> _Records excerpted from a collection_:
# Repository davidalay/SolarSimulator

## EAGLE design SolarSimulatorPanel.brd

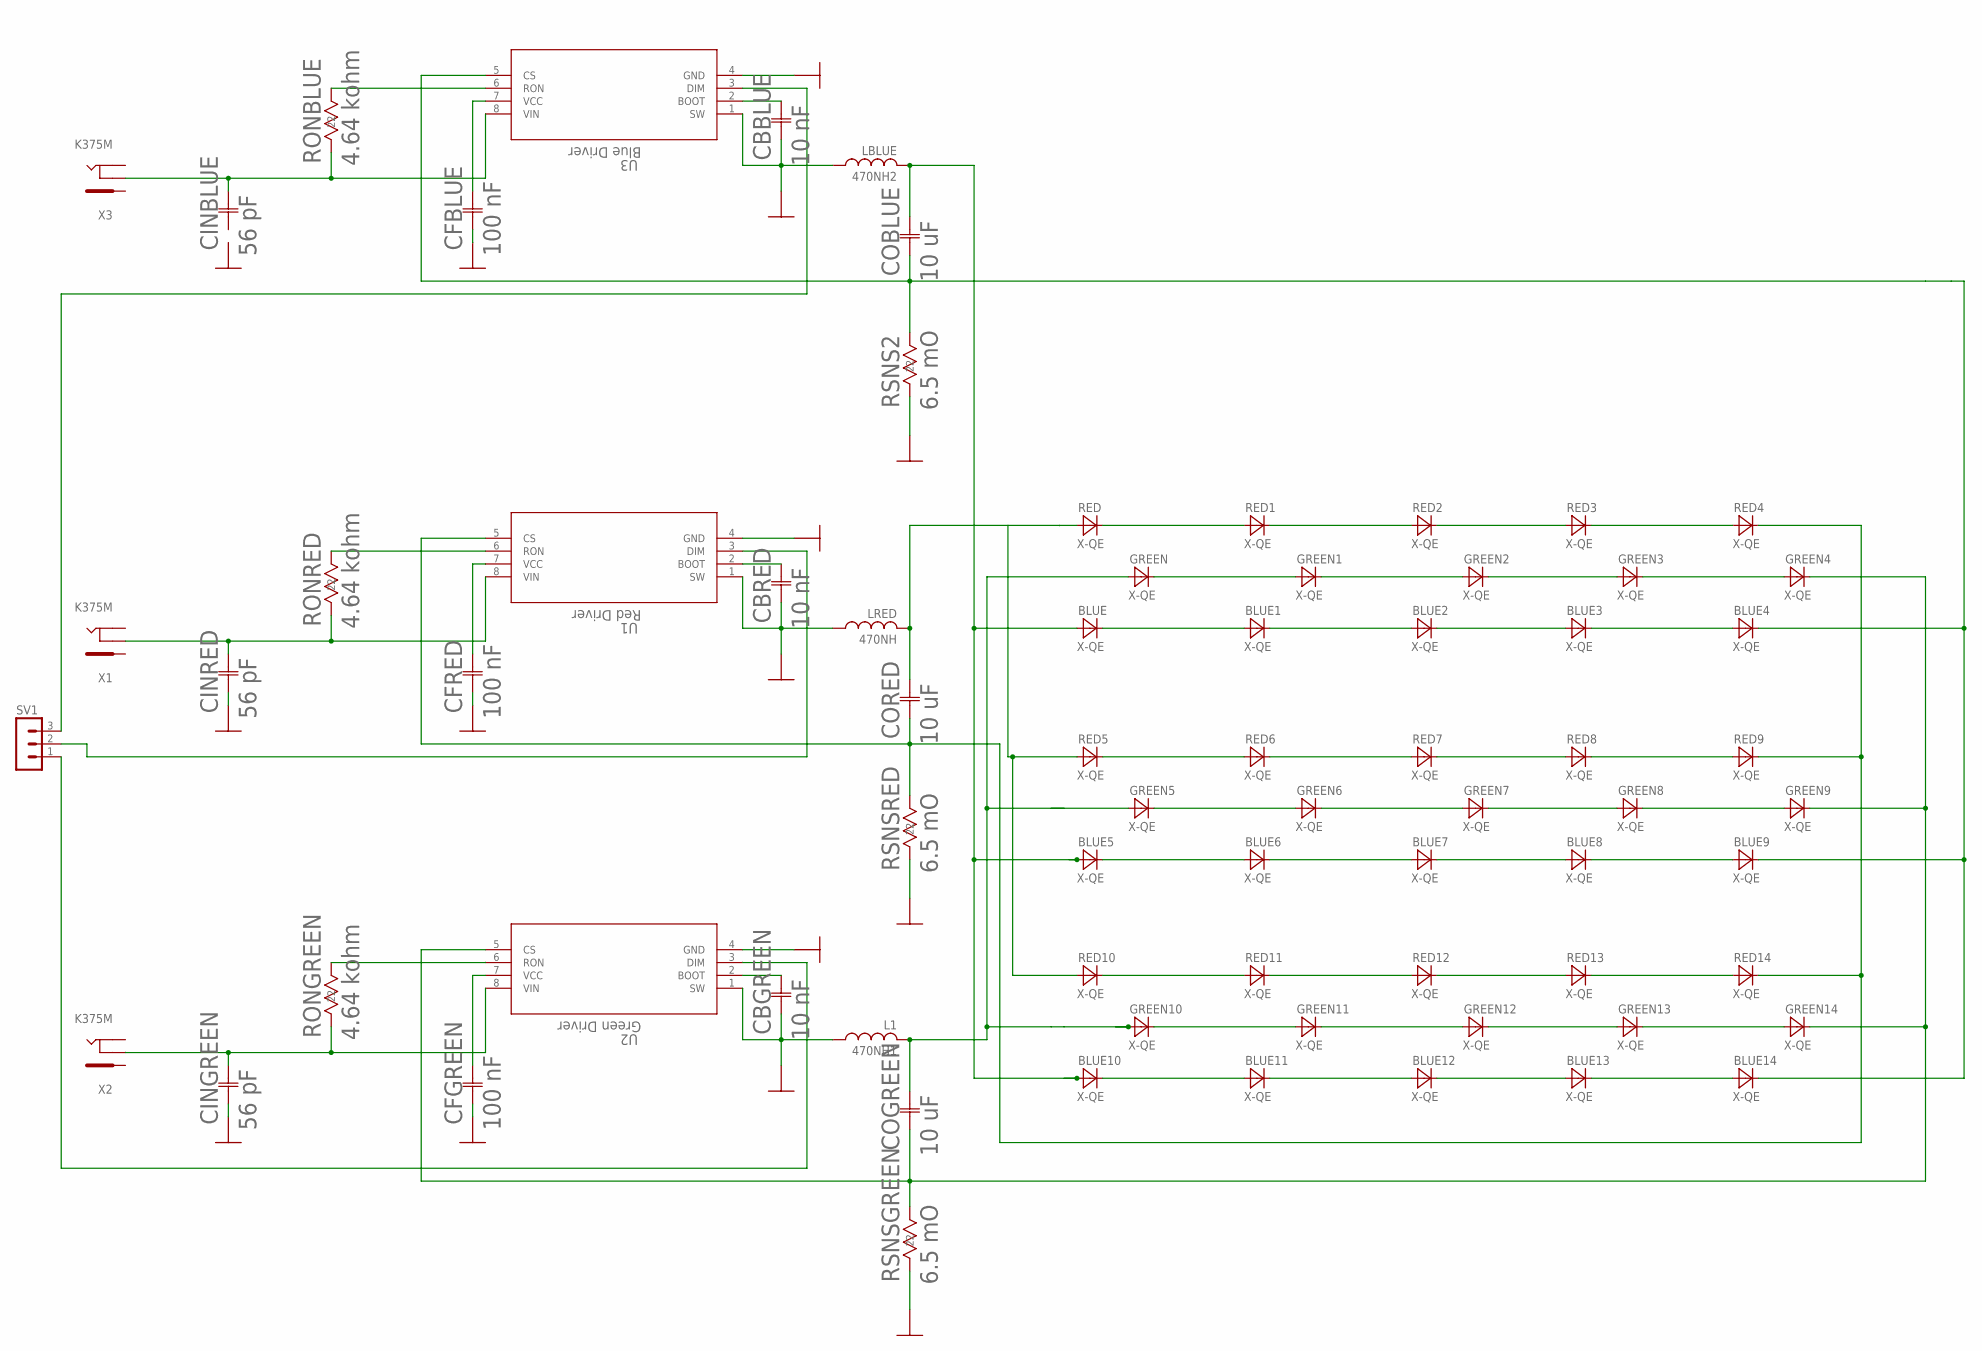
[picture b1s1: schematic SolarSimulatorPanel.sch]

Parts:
470NH: LRED; CAPC2012X135N
470NH1: L1; CAPC2012X135N
470NH2: LBLUE; CAPC2012X135N
BLUE, BLUE1, BLUE2, BLUE3, BLUE4, BLUE5, BLUE6, BLUE7, BLUE8, BLUE9, BLUE10, BLUE11, BLUE12, BLUE13, BLUE14: X-QE
CBBLUE: 10 nF; C1206K
CBGREEN: 10 nF; C1206K
CBRED: 10 nF; C1206K
CFBLUE: 100 nF; C1206
CFGREEN: 100 nF; C1206
CFRED: 100 nF; C1206
CINBLUE: 56 pF; CAP_0603G
CINGREEN: 56 pF; CAP_0603G
CINRED: 56 pF; CAP_0603G
COBLUE: 10 uF; CAP_3225
COGREEN: 10 uF; CAP_3225
CORED: 10 uF; CAP_3225
GREEN, GREEN1, GREEN2, GREEN3, GREEN4, GREEN5, GREEN6, GREEN7, GREEN8, GREEN9, GREEN10, GREEN11, GREEN12, GREEN13, GREEN14: X-QE
RED, RED1, RED2, RED3, RED4, RED5, RED6, RED7, RED8, RED9, RED10, RED11, RED12, RED13, RED14: X-QE
RONBLUE: 4.64 kohm; RC0603N
RONGREEN: 4.64 kohm; RC0603N
RONRED: 4.64 kohm; RC0603N
RSNS2: 6.5 mO; R2512
RSNSGREEN: 6.5 mO; R2512
RSNSRED: 6.5 mO; R2512
SV1: MA03-1
U1: Red Driver; M08A
U2: Green Driver; M08A
U3: Blue Driver; M08A
X1, X2, X3: K375M

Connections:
unnamed: CINRED.2 (22), RONRED.2 (22), U1.8 (VIN), X1.3
unnamed: 470NH.1, CBRED.1 (11), U1.1 (SW)
unnamed: 470NH.2, CORED.2 (22), RED.INPUT (A), RED5.INPUT (A), RED10.INPUT (A)
unnamed: CFRED.2 (22), U1.7 (VCC)
unnamed: RED5.OUTPUT (C), RED6.INPUT (A)
unnamed: RONRED.1 (11), U1.6 (RON)
unnamed: RED6.OUTPUT (C), RED7.INPUT (A)
unnamed: RED7.OUTPUT (C), RED8.INPUT (A)
unnamed: RED8.OUTPUT (C), RED9.INPUT (A)
unnamed: RED10.OUTPUT (C), RED11.INPUT (A)
unnamed: RED11.OUTPUT (C), RED12.INPUT (A)
unnamed: RED12.OUTPUT (C), RED13.INPUT (A)
unnamed: RED13.OUTPUT (C), RED14.INPUT (A)
unnamed: RED.OUTPUT (C), RED1.INPUT (A)
unnamed: RED1.OUTPUT (C), RED2.INPUT (A)
unnamed: RED2.OUTPUT (C), RED3.INPUT (A)
unnamed: RED3.OUTPUT (C), RED4.INPUT (A)
unnamed: 470NH2.1, CBBLUE.1 (11), U3.1 (SW)
unnamed: SV1.2, U1.3 (DIM)
unnamed: CBRED.2 (22), U1.2 (BOOT)
unnamed: 470NH1.1, CBGREEN.1 (11), U2.1 (SW)
unnamed: RONGREEN.1 (11), U2.6 (RON)
unnamed: CINGREEN.2 (22), RONGREEN.2 (22), U2.8 (VIN), X2.3
unnamed: COGREEN.1 (11), GREEN4.OUTPUT (C), GREEN9.OUTPUT (C), GREEN14.OUTPUT (C), RSNSGREEN.1 (11), U2.5 (CS)
unnamed: SV1.1, U2.3 (DIM)
unnamed: CBGREEN.2 (22), U2.2 (BOOT)
unnamed: CFGREEN.2 (22), U2.7 (VCC)
unnamed: GREEN.OUTPUT (C), GREEN1.INPUT (A)
unnamed: GREEN1.OUTPUT (C), GREEN2.INPUT (A)
unnamed: GREEN2.OUTPUT (C), GREEN3.INPUT (A)
unnamed: GREEN3.OUTPUT (C), GREEN4.INPUT (A)
unnamed: GREEN5.OUTPUT (C), GREEN6.INPUT (A)
unnamed: GREEN6.OUTPUT (C), GREEN7.INPUT (A)
unnamed: GREEN7.OUTPUT (C), GREEN8.INPUT (A)
unnamed: GREEN8.OUTPUT (C), GREEN9.INPUT (A)
unnamed: GREEN10.OUTPUT (C), GREEN11.INPUT (A)
unnamed: GREEN11.OUTPUT (C), GREEN12.INPUT (A)
unnamed: GREEN12.OUTPUT (C), GREEN13.INPUT (A)
unnamed: GREEN13.OUTPUT (C), GREEN14.INPUT (A)
unnamed: BLUE.OUTPUT (C), BLUE1.INPUT (A)
unnamed: RONBLUE.1 (11), U3.6 (RON)
unnamed: CINBLUE.2 (22), RONBLUE.2 (22), U3.8 (VIN), X3.3
unnamed: SV1.3, U3.3 (DIM)
unnamed: CBBLUE.2 (22), U3.2 (BOOT)
unnamed: CFBLUE.2 (22), U3.7 (VCC)
unnamed: BLUE1.OUTPUT (C), BLUE2.INPUT (A)
unnamed: BLUE2.OUTPUT (C), BLUE3.INPUT (A)
unnamed: BLUE3.OUTPUT (C), BLUE4.INPUT (A)
unnamed: BLUE5.OUTPUT (C), BLUE6.INPUT (A)
unnamed: BLUE6.OUTPUT (C), BLUE7.INPUT (A)
unnamed: BLUE7.OUTPUT (C), BLUE8.INPUT (A)
unnamed: BLUE8.OUTPUT (C), BLUE9.INPUT (A)
unnamed: BLUE10.OUTPUT (C), BLUE11.INPUT (A)
unnamed: BLUE11.OUTPUT (C), BLUE12.INPUT (A)
unnamed: BLUE12.OUTPUT (C), BLUE13.INPUT (A)
unnamed: BLUE13.OUTPUT (C), BLUE14.INPUT (A)
unnamed: BLUE4.OUTPUT (C), BLUE9.OUTPUT (C), BLUE14.OUTPUT (C), COBLUE.1 (11), RSNS2.1 (11), U3.5 (CS)
unnamed: 470NH2.2, BLUE.INPUT (A), BLUE5.INPUT (A), BLUE10.INPUT (A), COBLUE.2 (22)
unnamed: CORED.1 (11), RED4.OUTPUT (C), RED9.OUTPUT (C), RED14.OUTPUT (C), RSNSRED.1 (11), U1.5 (CS)
unnamed: 470NH1.2, COGREEN.2 (22), GREEN.INPUT (A), GREEN10.INPUT (A)

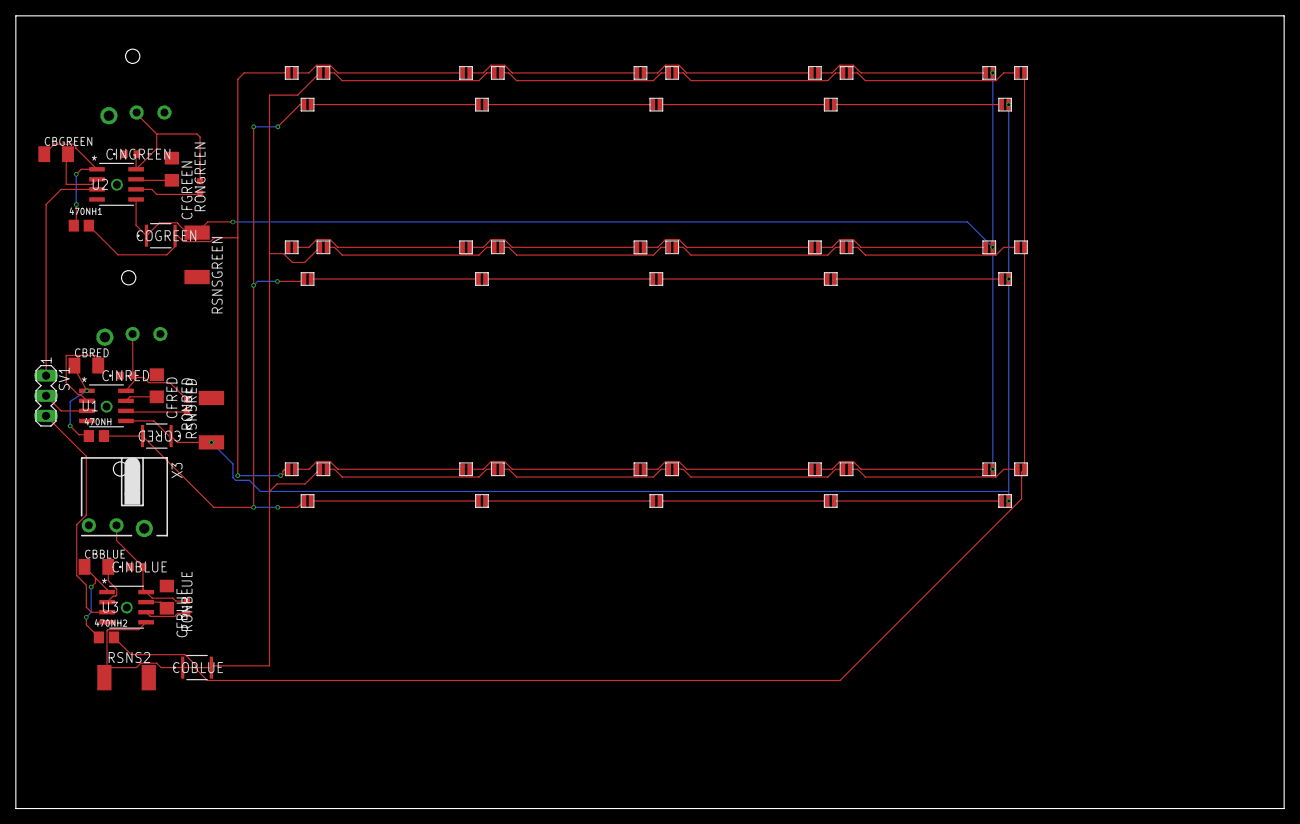
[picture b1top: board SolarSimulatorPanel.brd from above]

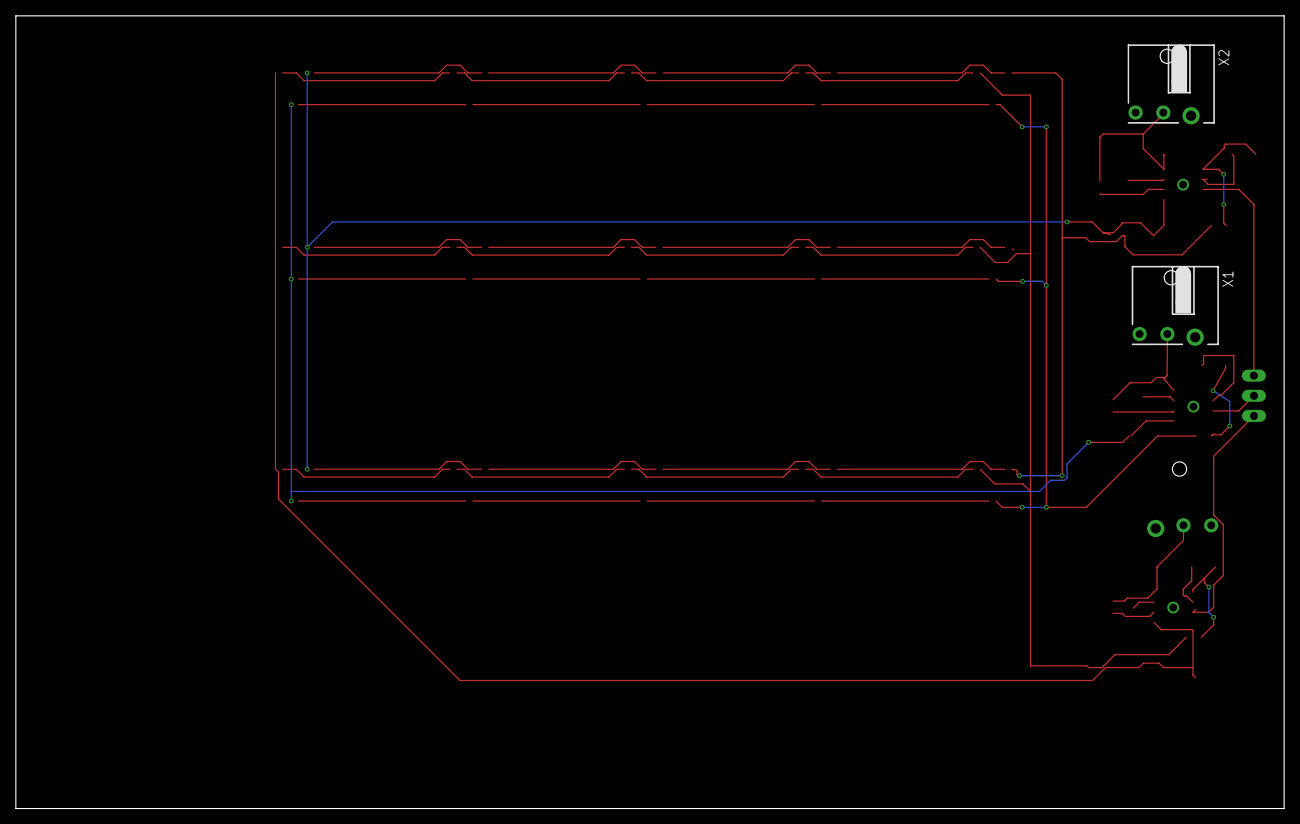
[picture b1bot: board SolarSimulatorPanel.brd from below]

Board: 2 copper layers, 160.0 x 100.0 mm, 73 parts (2 on the bottom side), 60 nets.

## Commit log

2018-09-12 first

> _YOUR OBJECTIVE_: Look back at the data above. Transcribe exactly the lines starting at the line that contains "COGREEN: 10 uF; CAP_3225" and ending at the line that contains "RONBLUE: 4.64 kohm; RC0603N".

> _RESPONSE AREA_:
COGREEN: 10 uF; CAP_3225
CORED: 10 uF; CAP_3225
GREEN, GREEN1, GREEN2, GREEN3, GREEN4, GREEN5, GREEN6, GREEN7, GREEN8, GREEN9, GREEN10, GREEN11, GREEN12, GREEN13, GREEN14: X-QE
RED, RED1, RED2, RED3, RED4, RED5, RED6, RED7, RED8, RED9, RED10, RED11, RED12, RED13, RED14: X-QE
RONBLUE: 4.64 kohm; RC0603N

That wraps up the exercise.